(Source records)
———

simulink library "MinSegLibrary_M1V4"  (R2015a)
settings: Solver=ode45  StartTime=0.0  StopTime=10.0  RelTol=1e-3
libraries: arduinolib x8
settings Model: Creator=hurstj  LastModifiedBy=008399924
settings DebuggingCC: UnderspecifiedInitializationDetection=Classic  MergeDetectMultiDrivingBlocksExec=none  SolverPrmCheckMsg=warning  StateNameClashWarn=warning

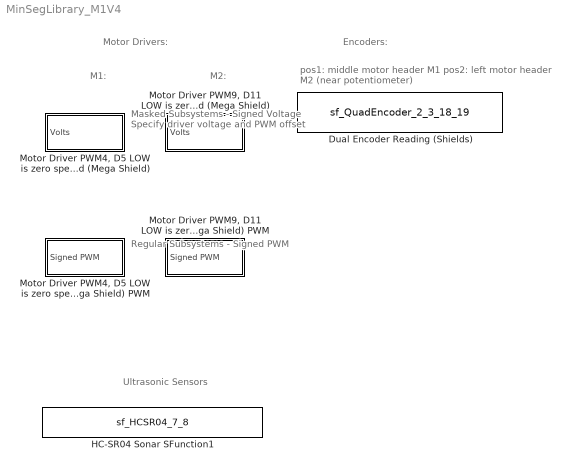
== system MinSegLibrary_M1V4 ==
  note: M1:
  note: Masked Subsystems - Signed Voltage
      | Specify driver voltage and PWM offset
  note: Motor Drivers:
  note: Encoders:
  note: Ultrasonic Sensors
  note: Regular Subsystems - Signed PWM
  note: pos1: middle motor header M1
      | pos2: left motor header M2 (near potentiometer)
  note: M2:
  Dual Encoder Reading (Shields) : S-Function  InitFcn=try, set_param(gcb,'FunctionName','sf_QuadEncoder_2_3_18_19'), end  FunctionName=sf_QuadEncoder_2_3_18_19  Parameters=uint8([0 1]),uint8([2 18]),uint8([3 19])  SFunctionModules=sf_QuadEncoder_2_3_18_19_wrapper  mask(S-Function Builder){}
      mask init:
      | val = [[.9  0.75 0.75 1 1 .9 .9 1]',[1 1 0.75 0.75 .9 .9 1 .9]'];try , sys = get_param(gcb,'SfunBuilderFcnName');if isempty(sys), sys = get_param(gcb,'FunctionName'); end,catch, sys = get_param(gcb,'FunctionName'); end
      settings: CopyFcn=set_param(gcbh,'LinkStatus','none')  PreSaveFcn=try, set_param(gcb,'FunctionName','sf_QuadEncoder_2_3_18_19'), end  OpenFcn=sfunctionwizard(gcbh)
      mask Display: plot(val(:,1),val(:,2)),disp(sys), port_label('output',1,'pos1'), port_label('output',2,'pos2')
  HC-SR04 Sonar SFunction1 : S-Function  InitFcn=try, set_param(gcb,'FunctionName','sf_HCSR04_7_8'), end  FunctionName=sf_HCSR04_7_8  SFunctionModules=sf_HCSR04_7_8_wrapper  mask(S-Function Builder){}
      mask help: Simulink:masks:SFunctionBuilder_MD
      mask init: same as MinSegLibrary_M1V4/Dual Encoder Reading (Shields)
      settings: CopyFcn=set_param(gcbh,'LinkStatus','none')  PreSaveFcn=try, set_param(gcb,'FunctionName','sf_HCSR04_7_8'), end  OpenFcn=sfunctionwizard(gcbh)
      mask Display:
      | plot(val(:,1),val(:,2))
      | disp(sys)
      | port_label('output',1,'distance_cm')
  "Motor Driver PWM4, D5 LOW is zero speed (Mega Shield)" : Subsystem  mask{Vsupply=4.5, PWMoffset=0}
      mask prompts: Vsupply "Driver Voltage"; PWMoffset "PWM offset (0-255)"
      mask help:
      | Specify driver supply voltage (4.5 for USB)
      | Specify the PWM offset (0-255)
  "Motor Driver PWM4, D5 LOW is zero speed (Mega Shield) PWM" : Subsystem
  "Motor Driver PWM9, D11 LOW is zero speed (Mega Shield)" : Subsystem  mask{Vsupply=4.5, PWMoffset=0}
      mask prompts: Vsupply "Driver Voltage"; PWMoffset "PWM offset (0-255)"
      mask help:
      | Specify driver supply voltage (4.5 for USB)
      | Specify the PWM offset (0-255)
  "Motor Driver PWM9, D11 LOW is zero speed (Mega Shield) PWM" : Subsystem

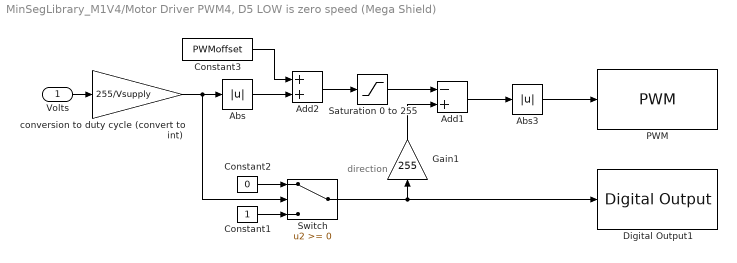
== system MinSegLibrary_M1V4/Motor Driver PWM4, D5 LOW is zero speed (Mega Shield) ==
  note: direction
  Volts : Inport
  Abs : Abs
  Abs3 : Abs
  Add1 : Sum  Inputs=-+
  Add2 : Sum
  Constant1 : Constant
  Constant2 : Constant  Value=0
  Constant3 : Constant  Value=PWMoffset
  Digital Output1 : arduinolib/Digital Output  pinNumber=5
  Gain1 : Gain  Gain=255
  PWM : arduinolib/PWM  pinNumber=4
  Saturation 0 to 255 : Saturate  UpperLimit=255  LowerLimit=0
  Switch : Switch
  conversion to duty cycle (convert to int) : Gain  Gain=255/Vsupply  OutDataTypeStr=int16
  wires:
  Volts/1 -> conversion to duty cycle (convert to int)/1
  Switch/1 -> Digital Output1/1, Gain1/1
  Constant2/1 -> Switch/1
  Constant1/1 -> Switch/3
  Gain1/1 -> Add1/2
  Add1/1 -> Abs3/1
  conversion to duty cycle (convert to int)/1 -> Switch/2, Abs/1
  Saturation 0 to 255/1 -> Add1/1
  Abs3/1 -> PWM/1
  Constant3/1 -> Add2/1
  Abs/1 -> Add2/2
  Add2/1 -> Saturation 0 to 255/1

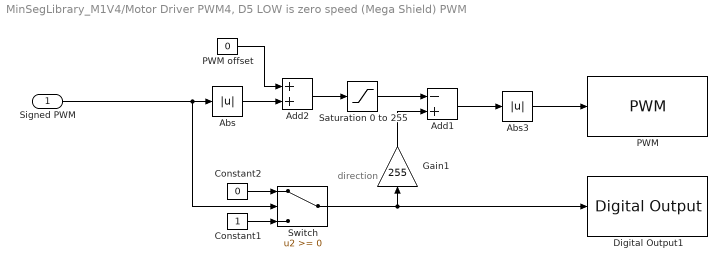
== system MinSegLibrary_M1V4/Motor Driver PWM4, D5 LOW is zero speed (Mega Shield) PWM ==
  note: direction
  Signed PWM : Inport
  Abs : Abs
  Abs3 : Abs
  Add1 : Sum  Inputs=-+
  Add2 : Sum
  Constant1 : Constant
  Constant2 : Constant  Value=0
  Digital Output1 : arduinolib/Digital Output  pinNumber=5
  Gain1 : Gain  Gain=255
  PWM : arduinolib/PWM  pinNumber=4
  PWM offset : Constant  Value=0
  Saturation 0 to 255 : Saturate  UpperLimit=255  LowerLimit=0
  Switch : Switch
  wires:
  Switch/1 -> Digital Output1/1, Gain1/1
  Constant2/1 -> Switch/1
  Constant1/1 -> Switch/3
  Gain1/1 -> Add1/2
  Add1/1 -> Abs3/1
  Signed PWM/1 -> Switch/2, Abs/1
  Saturation 0 to 255/1 -> Add1/1
  Abs3/1 -> PWM/1
  PWM offset/1 -> Add2/1
  Abs/1 -> Add2/2
  Add2/1 -> Saturation 0 to 255/1

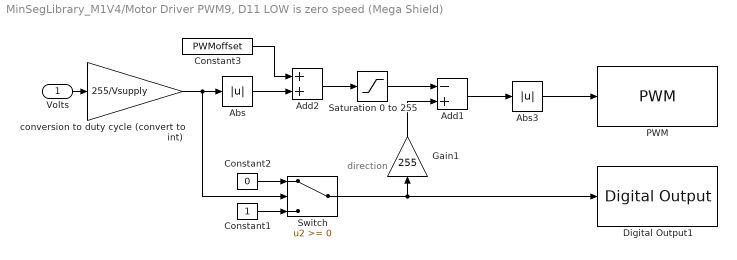
== system MinSegLibrary_M1V4/Motor Driver PWM9, D11 LOW is zero speed (Mega Shield) ==
  note: direction
  Volts : Inport
  Abs : Abs
  Abs3 : Abs
  Add1 : Sum  Inputs=-+
  Add2 : Sum
  Constant1 : Constant
  Constant2 : Constant  Value=0
  Constant3 : Constant  Value=PWMoffset
  Digital Output1 : arduinolib/Digital Output  pinNumber=11
  Gain1 : Gain  Gain=255
  PWM : arduinolib/PWM  pinNumber=9
  Saturation 0 to 255 : Saturate  UpperLimit=255  LowerLimit=0
  Switch : Switch
  conversion to duty cycle (convert to int) : Gain  Gain=255/Vsupply  OutDataTypeStr=int16
  wires:
  Add2/1 -> Saturation 0 to 255/1
  Abs/1 -> Add2/2
  Constant3/1 -> Add2/1
  Abs3/1 -> PWM/1
  Saturation 0 to 255/1 -> Add1/1
  conversion to duty cycle (convert to int)/1 -> Abs/1, Switch/2
  Add1/1 -> Abs3/1
  Gain1/1 -> Add1/2
  Constant1/1 -> Switch/3
  Constant2/1 -> Switch/1
  Switch/1 -> Gain1/1, Digital Output1/1
  Volts/1 -> conversion to duty cycle (convert to int)/1

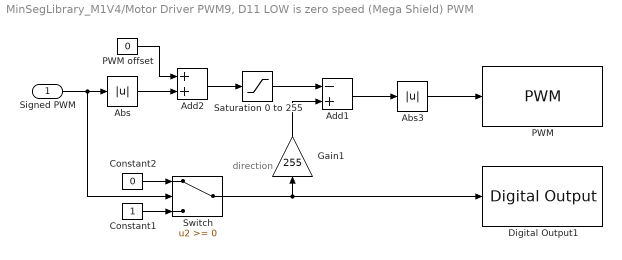
== system MinSegLibrary_M1V4/Motor Driver PWM9, D11 LOW is zero speed (Mega Shield) PWM ==
  note: direction
  Signed PWM : Inport
  Abs : Abs
  Abs3 : Abs
  Add1 : Sum  Inputs=-+
  Add2 : Sum
  Constant1 : Constant
  Constant2 : Constant  Value=0
  Digital Output1 : arduinolib/Digital Output  pinNumber=11
  Gain1 : Gain  Gain=255
  PWM : arduinolib/PWM  pinNumber=9
  PWM offset : Constant  Value=0
  Saturation 0 to 255 : Saturate  UpperLimit=255  LowerLimit=0
  Switch : Switch
  wires:
  Switch/1 -> Digital Output1/1, Gain1/1
  Constant2/1 -> Switch/1
  Constant1/1 -> Switch/3
  Gain1/1 -> Add1/2
  Add1/1 -> Abs3/1
  Signed PWM/1 -> Switch/2, Abs/1
  Saturation 0 to 255/1 -> Add1/1
  Abs3/1 -> PWM/1
  PWM offset/1 -> Add2/1
  Abs/1 -> Add2/2
  Add2/1 -> Saturation 0 to 255/1

———

Where in the entries does the word "Subsystems" occur? Copy out each line that has it.

  note: Masked Subsystems - Signed Voltage
  note: Regular Subsystems - Signed PWM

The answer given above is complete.